Me too...I read it in high school and I lived on an air base that was a first strike target. It was an A-10 base in the U.K during the early 80's. Watching the airmen run around in MOPP gear during drills was both funny and scary at the same time.

Unknown said...

"CBD has little or no THC, so it's not supposed to get you high."

It's not supposed to have any. I have coworkers that use it and we have to take random drug tests. I was using a bottle of CBD vape juice that my sister gave me and I passed a test. I didn't use the vape juice because I expected any benefit, I didn't want it to go to waste, it was blueberry flavored and tasted pretty good.

n.n said...

Sex, drugs, and perception.

Sam L. said...

They're sucking it in, and hollllllllllllllllllllllllllllllllllllllllllllllllllllding it.

Jupiter said...

Listen, you want to know why women are anxious? Because their genes know that Winter is almost here, and they haven't done any canning.

Don't believe me? Do some canning.

Ingachuck'stoothlessARM said...

"Why is CBD everywhere?"

oh FFS! Why is CPL and TDS everywhere?

funsize said...

I have used it in the past for muscle soreness. Works a treat.

tim in vermont said...

I have tried it. It's like paying $10 for an Advil.

Tina Trent said...

Women like to buy soaps and creams and candles and candies and geegaws. It's mostly harmless feminine pleasure. All the better if they feel they're good and hip and progressive by doing it, if they're Times readers. This is why the Times' furious takedown of Gwenyth Paltrow's geegaw company, Goop, signalled the final takeover of the paper by militant identity politics Maoists: now the target consumers of the Times are to be mocked and re-educated, not flattered. Who knows? Maybe being kicked around for the sins of "privilege" really does reduce their anxiety. The experience will still cost too much for the average consumer, so being mocked and re-educated can only be a status symbol until cheap knockoffs appear at the Marshalls. Gummy CBD is just the next Argan oil. Remaindered in January.

Caligula said...

"As an alternative health regimen, CBD holds particular appeal to women ..."

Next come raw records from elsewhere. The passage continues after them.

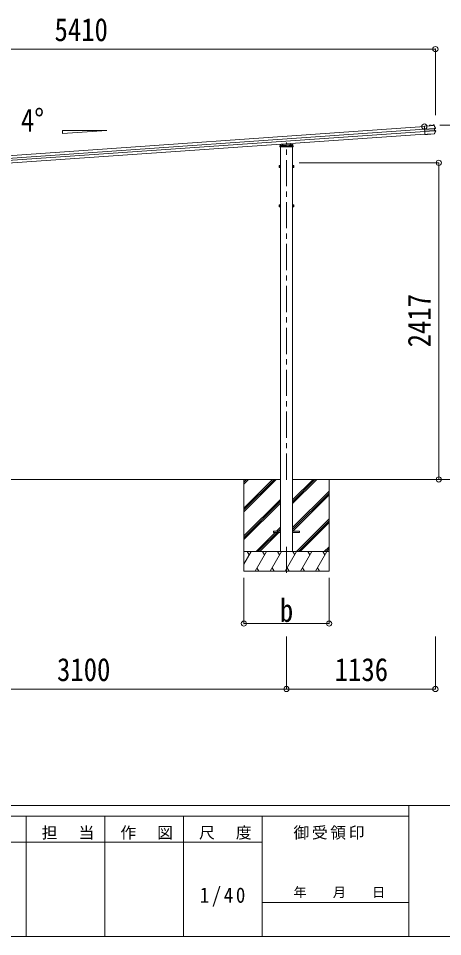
# Model space of a CAD drawing. Units: millimetres at full size, sheet at 1:40. Extents: x -11243 to 11243, y -7760 to 7760.
# Drawn here: x 4143 to 7379, y -7760 to -750 of the extents above; entities that cross this region are included whole.
import ezdxf
from ezdxf.enums import TextEntityAlignment as Align

# ---------------------------------------------------------------- set-up
doc = ezdxf.new("R2010")
doc.units = ezdxf.units.MM
doc.header["$LTSCALE"] = 40
doc.header["$PDMODE"] = 32
doc.header["$PDSIZE"] = 40
doc.linetypes.add('CHAIN1', pattern=[8, 5, -1, 1, -1])
doc.linetypes.add('DASHED1', pattern=[1.8, 1.2, -0.6])
for name, color, linetype, lineweight in [('0-0_0', 7, 'Continuous', 9), ('0-1_本体', 5, 'CHAIN1', 9), ('0-3_ELV2', 4, 'Continuous', 9), ('0-6_OTH_LINE', 6, 'Continuous', 9), ('0-7_SHAPE', 4, 'Continuous', 9), ('F-0_240', 7, 'Continuous', 9)]:
    doc.layers.add(name, color=color, linetype=linetype, lineweight=lineweight)
doc.styles.add('ＭＳ ゴシック', font='')
doc.styles.get('ＭＳ ゴシック').set_extended_font_data('MS Gothic')

msp = doc.modelspace()

# ---------------------------------------------------------------- linework, layer by layer
at = {"layer": '0-0_0'}
for p, q in [((3134.56, -4269.81), (6141.56, -4269.81)), ((5863.06, -4269.81), (5863.06, -4969.81)), ((5863.06, -4488.79), (6082.04, -4269.81)), ((5863.06, -4502.93), (6096.19, -4269.81)), ((5863.06, -4517.07), (6110.33, -4269.81)), ((5863.06, -4304.94), (5898.2, -4269.81)), ((5863.06, -4290.8), (5884.05, -4269.81)), ((5863.06, -4276.66), (5869.91, -4269.81)), ((6234.56, -4453.94), (6418.7, -4269.81)), ((6234.56, -4439.8), (6404.55, -4269.81)), ((6234.56, -4425.66), (6390.41, -4269.81)), ((6234.56, -4269.81), (7091.84, -4269.81)), ((6513.06, -4269.81), (6513.06, -4969.81)), ((6234.56, -4637.79), (6513.06, -4359.29)), ((6234.56, -4651.93), (6513.06, -4373.43)), ((6235.33, -4665.31), (6513.06, -4387.57)), ((5863.06, -4700.92), (6141.56, -4422.42)), ((5863.06, -4715.06), (6141.56, -4436.56)), ((5863.06, -4729.2), (6141.56, -4450.7)), ((6264.67, -4819.81), (6513.06, -4571.42)), ((6278.81, -4819.81), (6513.06, -4585.56)), ((6292.96, -4819.81), (6513.06, -4599.7)), ((5956.31, -4819.81), (6101.81, -4674.31)), ((5970.45, -4819.81), (6141.56, -4648.69)), ((5984.59, -4819.81), (6130.09, -4674.31)), ((6110.81, -4665.31), (6141.56, -4634.55)), ((5863.06, -4819.81), (6513.06, -4819.81)), ((5863.06, -4917.06), (5919.21, -4819.81)), ((5904.21, -4845.79), (5889.21, -4819.81)), ((5948.08, -4969.81), (6034.68, -4819.81)), ((6019.68, -4845.79), (6004.68, -4819.81)), ((6063.55, -4969.81), (6150.15, -4819.81)), ((6135.15, -4845.79), (6120.15, -4819.81)), ((6179.02, -4969.81), (6265.62, -4819.81)), ((6250.62, -4845.79), (6235.62, -4819.81)), ((6294.49, -4969.81), (6381.09, -4819.81)), ((6366.09, -4845.79), (6351.09, -4819.81)), ((6409.96, -4969.81), (6496.56, -4819.81)), ((6466.56, -4819.81), (6481.56, -4845.79)), ((6476.81, -4819.81), (6513.06, -4783.55)), ((6490.95, -4819.81), (6513.06, -4797.69)), ((6505.09, -4819.81), (6513.06, -4811.84)), ((5863.06, -4969.81), (6513.06, -4969.81)), ((5963.08, -4943.83), (5978.08, -4969.81)), ((6078.55, -4943.83), (6093.55, -4969.81)), ((6194.02, -4943.83), (6209.02, -4969.81)), ((6309.49, -4943.83), (6324.49, -4969.81)), ((6424.96, -4943.83), (6439.96, -4969.81))]:
    msp.add_line(p, q, dxfattribs=at)
at = {"layer": '0-1_本体'}
for p, q in [((6188.06, -4272.31), (6188.06, -1697.63)), ((6188.06, -4783.68), (6188.06, -5012.68))]:
    msp.add_line(p, q, dxfattribs=at)
at = {"layer": '0-3_ELV2'}
for p, q in [((7239.75, -1575.92), (2028.67, -1940.32)), ((7241.17, -1596.23), (2030.09, -1960.63)), ((7278.84, -1570), (7239.53, -1572.75)), ((7244.04, -1637.2), (7239.53, -1572.75)), ((7239.64, -1574.25), (7280.44, -1571.4)), ((7241.21, -1596.71), (7314.12, -1591.61)), ((7314.2, -1592.84), (7241.29, -1597.94)), ((7315.17, -1606.71), (7242.26, -1611.81)), ((7242.35, -1613.04), (7315.26, -1607.94)), ((7291.4, -1564.72), (7278.53, -1565.62)), ((7278.53, -1565.62), (7278.84, -1570)), ((7291.5, -1566.21), (7280.13, -1567.01)), ((7280.44, -1571.4), (7280.13, -1567.01)), ((7280.13, -1567.01), (7280.71, -1567.6)), ((7281.15, -1572.02), (7280.44, -1571.4)), ((7291.51, -1566.24), (7290.21, -1566.34)), ((7290.21, -1566.34), (7290.35, -1568.3)), ((7290.35, -1568.3), (7307.3, -1567.11)), ((7291.5, -1566.21), (7291.4, -1564.72)), ((7291.4, -1564.72), (7291.6, -1565.32)), ((7291.5, -1566.21), (7291.51, -1566.24)), ((7291.51, -1566.24), (7291.55, -1566.71)), ((7305.89, -1565.71), (7291.55, -1566.71)), ((7295.73, -1566.42), (7295.83, -1567.91)), ((7301.82, -1567.5), (7301.71, -1566)), ((7305.65, -1564.33), (7305.76, -1563.71)), ((7310.94, -1563.35), (7305.76, -1563.71)), ((7305.89, -1565.71), (7305.86, -1565.24)), ((7307.3, -1567.11), (7307.17, -1565.15)), ((7315.61, -1591.51), (7316.52, -1591.44)), ((7315.97, -1592.83), (7316.48, -1592.8)), ((7316.15, -1607.82), (7316.38, -1607.81)), ((7322.43, -1589.86), (7316.52, -1591.44)), ((7316.52, -1591.44), (7317.66, -1607.77)), ((7316.75, -1607.84), (7317.66, -1607.77)), ((7317.44, -1606.44), (7316.93, -1606.47)), ((7317.18, -1592.63), (7318.11, -1592.57)), ((7317.66, -1607.77), (7323.7, -1608.52)), ((7318.15, -1606.5), (7319.08, -1606.44)), ((7242.38, -1613.47), (2031.29, -1977.86)), ((7243.8, -1633.78), (2032.71, -1998.17)), ((7260.69, -1634.52), (7243.93, -1635.7)), ((7251.49, -1636.28), (7244.01, -1636.8)), ((7260.8, -1636.02), (7244.04, -1637.2)), ((7251.52, -1636.67), (7251.42, -1635.17)), ((7260.69, -1634.52), (7260.87, -1634.14)), ((7260.69, -1634.52), (7260.8, -1636.02)), ((7260.8, -1636.02), (7260.97, -1635.64)), ((7260.87, -1634.14), (7266.85, -1633.73)), ((7260.87, -1634.14), (7260.97, -1635.64)), ((7260.97, -1635.64), (7266.96, -1635.23)), ((7266.85, -1633.73), (7267.08, -1634.08)), ((7314.14, -1630.79), (7267.08, -1634.08)), ((7267.08, -1634.08), (7267.18, -1635.58)), ((7313.32, -1632.35), (7267.18, -1635.58)), ((6139.13, -1720.24), (6188.06, -1716.82)), ((6139.65, -1711.73), (6188.06, -1708.35)), ((6141.56, -4819.81), (6141.56, -1730.75)), ((6188.06, -1708.35), (6236.48, -1711.73)), ((6188.06, -1716.82), (6237, -1720.24)), ((6217.88, -1705.81), (6218.17, -1710.45)), ((6234.56, -4819.81), (6234.56, -1730.75)), ((6237.41, -1712.67), (6238.51, -1730.75)), ((6132.86, -1874.05), (6133.44, -1873.04)), ((6132.86, -1874.05), (6132.86, -1887.05)), ((6132.86, -1887.05), (6133.44, -1888.05)), ((6138.36, -1873.04), (6133.44, -1873.04)), ((6138.36, -1876.79), (6133.44, -1876.79)), ((6138.36, -1884.3), (6133.44, -1884.3)), ((6138.36, -1888.05), (6133.44, -1888.05)), ((6138.36, -1872.84), (6138.36, -1887.85)), ((6139.96, -1873.3), (6138.36, -1873.3)), ((6138.36, -1879.85), (6139.96, -1879.85)), ((6138.36, -1880.85), (6139.96, -1880.85)), ((6138.36, -1887.4), (6139.96, -1887.4)), ((6236.16, -1873.3), (6237.76, -1873.3)), ((6237.76, -1879.85), (6236.16, -1879.85)), ((6237.77, -1880.85), (6236.16, -1880.85)), ((6237.76, -1887.4), (6236.16, -1887.4)), ((6237.76, -1872.84), (6237.76, -1887.85)), ((6237.76, -1872.84), (6242.68, -1872.84)), ((6237.76, -1876.6), (6242.68, -1876.6)), ((6237.76, -1884.1), (6242.68, -1884.1)), ((6237.76, -1887.85), (6242.68, -1887.85)), ((6243.26, -1873.85), (6242.68, -1872.84)), ((6243.26, -1886.85), (6242.68, -1887.85)), ((6243.26, -1873.85), (6243.26, -1886.85)), ((6132.86, -2174.05), (6133.44, -2173.04)), ((6138.36, -2173.04), (6133.44, -2173.04)), ((6138.36, -2172.84), (6138.36, -2187.85)), ((6237.76, -2172.84), (6237.76, -2187.85)), ((6237.76, -2172.84), (6242.68, -2172.84)), ((6243.26, -2173.85), (6242.68, -2172.84)), ((6132.86, -2174.05), (6132.86, -2187.05)), ((6132.86, -2187.05), (6133.44, -2188.05)), ((6138.36, -2176.79), (6133.44, -2176.79)), ((6138.36, -2184.3), (6133.44, -2184.3)), ((6138.36, -2188.05), (6133.44, -2188.05)), ((6139.96, -2173.3), (6138.36, -2173.3)), ((6138.36, -2179.85), (6139.96, -2179.85)), ((6138.36, -2180.85), (6139.96, -2180.85)), ((6138.36, -2187.4), (6139.96, -2187.4)), ((6236.16, -2173.3), (6237.76, -2173.3)), ((6237.76, -2179.85), (6236.16, -2179.85)), ((6237.77, -2180.85), (6236.16, -2180.85)), ((6237.76, -2187.4), (6236.16, -2187.4)), ((6237.76, -2176.6), (6242.68, -2176.6)), ((6237.76, -2184.1), (6242.68, -2184.1)), ((6237.76, -2187.85), (6242.68, -2187.85)), ((6243.26, -2186.85), (6242.68, -2187.85)), ((6243.26, -2173.85), (6243.26, -2186.85)), ((6088.06, -4665.31), (6141.56, -4665.31)), ((6288.06, -4665.31), (6234.56, -4665.31))]:
    msp.add_line(p, q, dxfattribs=at)
at = {"layer": '0-3_ELV2', "linetype": 'DASHED1'}
for p, q in [((6139.2, -1720.25), (6236.93, -1720.25)), ((6141.67, -1713.6), (6140.62, -1730.75)), ((6141.09, -1723.05), (6146.06, -1723.05)), ((6141.14, -1722.25), (6234.99, -1722.25)), ((6188.06, -1718.82), (6141.15, -1722.1)), ((6188.06, -1710.35), (6141.67, -1713.6)), ((6144.86, -1713.37), (6144.86, -1727.02)), ((6144.86, -1727.02), (6145.86, -1728.75)), ((6230.26, -1728.75), (6145.86, -1728.75)), ((6146.06, -1713.29), (6146.06, -1728.75)), ((6147.56, -1721.66), (6147.56, -1728.75)), ((6150.66, -1722.25), (6150.66, -1728.75)), ((6150.79, -1722.25), (6150.79, -1728.75)), ((6151.06, -1721.41), (6151.06, -1728.75)), ((6151.06, -1727.02), (6154.06, -1727.02)), ((6154.06, -1721.2), (6154.06, -1728.75)), ((6157.31, -1721.19), (6157.99, -1710)), ((6160, -1709.86), (6158.73, -1730.75)), ((6162.06, -1720.25), (6162.06, -1722.25)), ((6166.56, -1723.05), (6166.56, -1720.33)), ((6168.06, -1723.05), (6166.56, -1723.05)), ((6168.06, -1720.22), (6168.06, -1723.05)), ((6234.46, -1713.6), (6188.06, -1710.35)), ((6234.98, -1722.1), (6188.06, -1718.82)), ((6208.06, -1723.05), (6208.06, -1720.22)), ((6208.06, -1723.05), (6209.56, -1723.05)), ((6209.56, -1720.33), (6209.56, -1723.05)), ((6214.06, -1722.25), (6214.06, -1720.25)), ((6215.89, -1705.95), (6217.4, -1730.75)), ((6218.17, -1710.45), (6218.82, -1721.19)), ((6222.06, -1721.2), (6222.06, -1728.75)), ((6222.06, -1727.02), (6225.06, -1727.02)), ((6225.06, -1721.41), (6225.06, -1728.75)), ((6225.33, -1722.25), (6225.33, -1728.75)), ((6225.46, -1722.25), (6225.46, -1728.75)), ((6228.56, -1721.66), (6228.56, -1728.75)), ((6230.06, -1713.29), (6230.06, -1728.75)), ((6230.06, -1723.05), (6235.04, -1723.05)), ((6230.26, -1728.75), (6231.26, -1727.02)), ((6231.26, -1713.37), (6231.26, -1727.02)), ((6235.51, -1730.75), (6234.46, -1713.6))]:
    msp.add_line(p, q, dxfattribs=at)
at = {"layer": '0-3_ELV2'}
for points in [[(7311.37, -1564.83), (7305.87, -1565.21), (7305.76, -1563.71)], [(7307.17, -1565.15), (7305.86, -1565.24), (7305.87, -1565.21)], [(7312.52, -1565.48), (7318.04, -1576.7), (7323.28, -1588.07)], [(7324.71, -1610.38), (7319.54, -1620.64), (7314.14, -1630.79)], [(7322.82, -1591.31), (7318.11, -1592.57), (7319.08, -1606.44), (7323.89, -1607.03)], [(7266.85, -1633.73), (7266.96, -1635.23), (7267.18, -1635.58)], [(6238.51, -1730.75), (6137.61, -1730.75), (6138.72, -1712.67)], [(6141.56, -1871.85), (6139.96, -1871.85), (6139.96, -1888.85), (6141.56, -1888.85)], [(6234.56, -1871.85), (6236.16, -1871.85), (6236.16, -1888.85), (6234.56, -1888.85)], [(6141.56, -2171.85), (6139.96, -2171.85), (6139.96, -2188.85), (6141.56, -2188.85)], [(6234.56, -2171.85), (6236.16, -2171.85), (6236.16, -2188.85), (6234.56, -2188.85)], [(6088.06, -4665.31), (6088.06, -4674.31), (6141.56, -4674.31)], [(6288.06, -4665.31), (6288.06, -4674.31), (6234.56, -4674.31)]]:
    msp.add_lwpolyline(points, dxfattribs=at)
for centre, radius, start, end in [((7311.16, -1566.53), 3.19, 26.86597, 94.02466), ((7311.45, -1566.02), 1.2, 26.89869, 94.02902), ((6866.17, -1791.92), 502, 24.03393, 26.8619), ((6875.1, -1390.5), 502, 331.41438, 333.93986), ((7322.09, -1588.6), 1.3, 285.12702, 24.10936), ((7322.1, -1588.6), 2.8, 285, 24.03393), ((7323.54, -1609.81), 1.3, 333.87402, 82.86161), ((7323.55, -1609.81), 2.8, 333.93986, 83), ((7313.1, -1629.17), 3.19, 273.987, 331.41712), ((6139.2, -1721.24), 1, 94, 176.5), ((6139.72, -1712.73), 1, 94, 176.5), ((6236.41, -1712.73), 1, 3.5, 86), ((6236.93, -1721.24), 1, 3.5, 86), ((6145.28, -1880.55), 12.42, 162.41205, 197.58795), ((6136.19, -1874.92), 3.32, 145.61575, 214.38425), ((6136.19, -1886.18), 3.32, 145.61575, 214.38425), ((6239.94, -1874.72), 3.32, 325.61575, 34.38425), ((6230.84, -1880.35), 12.42, 342.41205, 17.58795), ((6239.94, -1885.98), 3.32, 325.61575, 34.38425), ((6136.19, -2174.92), 3.32, 145.61575, 214.38425), ((6239.94, -2174.72), 3.32, 325.61575, 34.38425), ((6145.28, -2180.55), 12.42, 162.41205, 197.58795), ((6136.19, -2186.18), 3.32, 145.61575, 214.38425), ((6230.84, -2180.35), 12.42, 342.41205, 17.58795), ((6239.94, -2185.98), 3.32, 325.61575, 34.38425)]:
    msp.add_arc(centre, radius, start, end, dxfattribs=at)
at = {"layer": '0-3_ELV2', "linetype": 'DASHED1'}
for centre, start, end in [((6139.2, -1721.25), 90, 176.5), ((6236.93, -1721.25), 3.5, 90)]:
    msp.add_arc(centre, 1, start, end, dxfattribs=at)
at = {"layer": '0-3_ELV2'}
for centre, major_axis, ratio, start_param, end_param in [((7280.79, -1568.79), (-0.08, 1.2), 0.052408, 5.1044164, 6.2220988), ((7269.97, -1760.78), (-34.91, 499.28), 0.052408, 5.0964197, 5.1044164), ((7291.82, -1568.5), (-0.22, 3.19), 0.016053, 5.3122341, 6.2220988), ((7305.87, -1567.52), (-0.22, 3.19), 0.016053, 0.0610865, 0.9709512), ((7314.14, -1591.9), (1.5, 0.1), 0.19438, 0.8222243, 1.5707963), ((7314.24, -1593.42), (2.99, 0.21), 0.19438, 0.9410649, 1.5707963), ((7314.14, -1591.9), (1.48, 0.4), 0.014741, 0.0756738, 0.8193583), ((7315.13, -1606.13), (2.99, 0.21), 0.19438, 4.712389, 5.3421204), ((7315.24, -1607.65), (1.5, 0.1), 0.19438, 4.712389, 5.3570179), ((7315.24, -1607.65), (1.52, -0.19), 0.014741, 5.567803, 6.2075115), ((7314.24, -1593.43), (2.95, 0.79), 0.014741, 0.0756738, 0.7041788), ((7315.13, -1606.13), (3.03, -0.37), 0.014741, 5.5790065, 6.2075115)]:
    msp.add_ellipse(centre, major_axis=major_axis, ratio=ratio, start_param=start_param, end_param=end_param, dxfattribs=at)
at = {"layer": '0-6_OTH_LINE'}
for p, q in [((7323.96, -984.72), (1913.96, -984.72)), ((7323.96, -984.72), (7323.96, -1489.69)), ((7800.78, -1565.81), (7356.97, -1565.81)), ((7349.78, -1853.05), (6284.56, -1853.05)), ((7349.78, -1853.05), (7349.78, -4269.81)), ((7800.78, -4269.81), (7091.84, -4269.81)), ((5863.06, -5369.8), (5863.06, -5019.82)), ((6513.06, -5369.8), (6513.06, -5019.82)), ((5863.06, -5369.8), (6513.06, -5369.8)), ((6187.96, -5869.82), (6187.96, -5469.82)), ((7323.96, -5869.82), (7323.96, -5469.82)), ((3087.96, -5869.82), (6187.96, -5869.82)), ((6187.96, -5869.82), (7323.96, -5869.82))]:
    msp.add_line(p, q, dxfattribs=at)
for p in [(7323.96, -984.72), (7239.75, -1575.92), (7349.78, -1853.05), (7349.78, -4269.81), (5863.06, -5369.8), (6513.06, -5369.8), (6187.96, -5869.82), (7323.96, -5869.82)]:
    msp.add_point(p, dxfattribs=at)
at = {"layer": '0-7_SHAPE'}
for p, q in [((4480.81, -1606.35), (4816.81, -1606.35)), ((4480.81, -1629.84), (4480.81, -1606.35)), ((4816.81, -1606.35), (4480.81, -1629.84))]:
    msp.add_line(p, q, dxfattribs=at)
at = {"layer": 'F-0_240', "color": 5}
for p, q in [((-11242.74, -6760), (10677.26, -6760)), ((7121.58, -6760), (7121.58, -7760)), ((-11242.74, -6840), (7121.58, -6840)), ((4201.58, -6840), (4201.58, -7760)), ((4801.58, -6840), (4801.58, -7760)), ((5401.58, -6840), (5401.58, -7760)), ((6001.58, -6840), (6001.58, -7760)), ((3601.58, -7040), (6001.58, -7040)), ((6001.58, -7500), (7121.58, -7500)), ((-11242.74, -7760), (10677.26, -7760))]:
    msp.add_line(p, q, dxfattribs=at)

# ---------------------------------------------------------------- texts
at = {"layer": '0-6_OTH_LINE', "color": 7, "style": 'ＭＳ ゴシック', "width": 0.85}
for s, p in [('5410', (4418.96, -976.72)), ('b', (6138.06, -5409.8)), ('3100', (4437.96, -5861.82)), ('1136', (6555.96, -5861.82))]:
    msp.add_text(s, height=176, dxfattribs=at).set_placement(p, align=Align.BOTTOM_LEFT)
msp.add_text('2417', height=176, rotation=90, dxfattribs=at).set_placement((7341.78, -3261.43), align=Align.BOTTOM_LEFT)
at = {"layer": '0-7_SHAPE', "color": 7, "style": 'ＭＳ ゴシック', "width": 0.85}
msp.add_text('4°', height=176, dxfattribs=at).set_placement((4162.52, -1667.56), align=Align.BOTTOM_LEFT)
at = {"layer": 'F-0_240', "style": 'ＭＳ ゴシック'}
msp.add_text('年\u3000\u3000月\u3000\u3000日', height=73.31, dxfattribs=at).set_placement((6241.58, -7480), align=Align.BOTTOM_LEFT)
at = {"layer": 'F-0_240', "attachment_point": 7, "style": 'ＭＳ ゴシック'}
for s, insert, char_height in [('\\T1.17;担\u3000当', (4321.58, -7020), 87.98), ('\\T1.17;作\u3000図', (4921.58, -7020), 87.98), ('\\T1.17;尺\u3000度', (5521.58, -7020), 87.98), ('\\T1.17;御受領印', (6241.58, -7020), 87.98), ('\\T1.28;\\W0.9;1/40', (5526.58, -7530), 117.3)]:
    msp.add_mtext(s, dxfattribs=dict(at, insert=insert, char_height=char_height))

doc.saveas('drawing.dxf')

Umm, with the possible exception of prostate remedies and products claiming to enhance male sexual performance, are there any "alternative health regimens" that are not mostly bought by women?

Jupiter said...

Hmmmm....

The consensus seems to be that a significant fraction of women are situated on the quivering rim of batshit crazy. Who knew? Let's give 'em the vote and see what happens, shall we?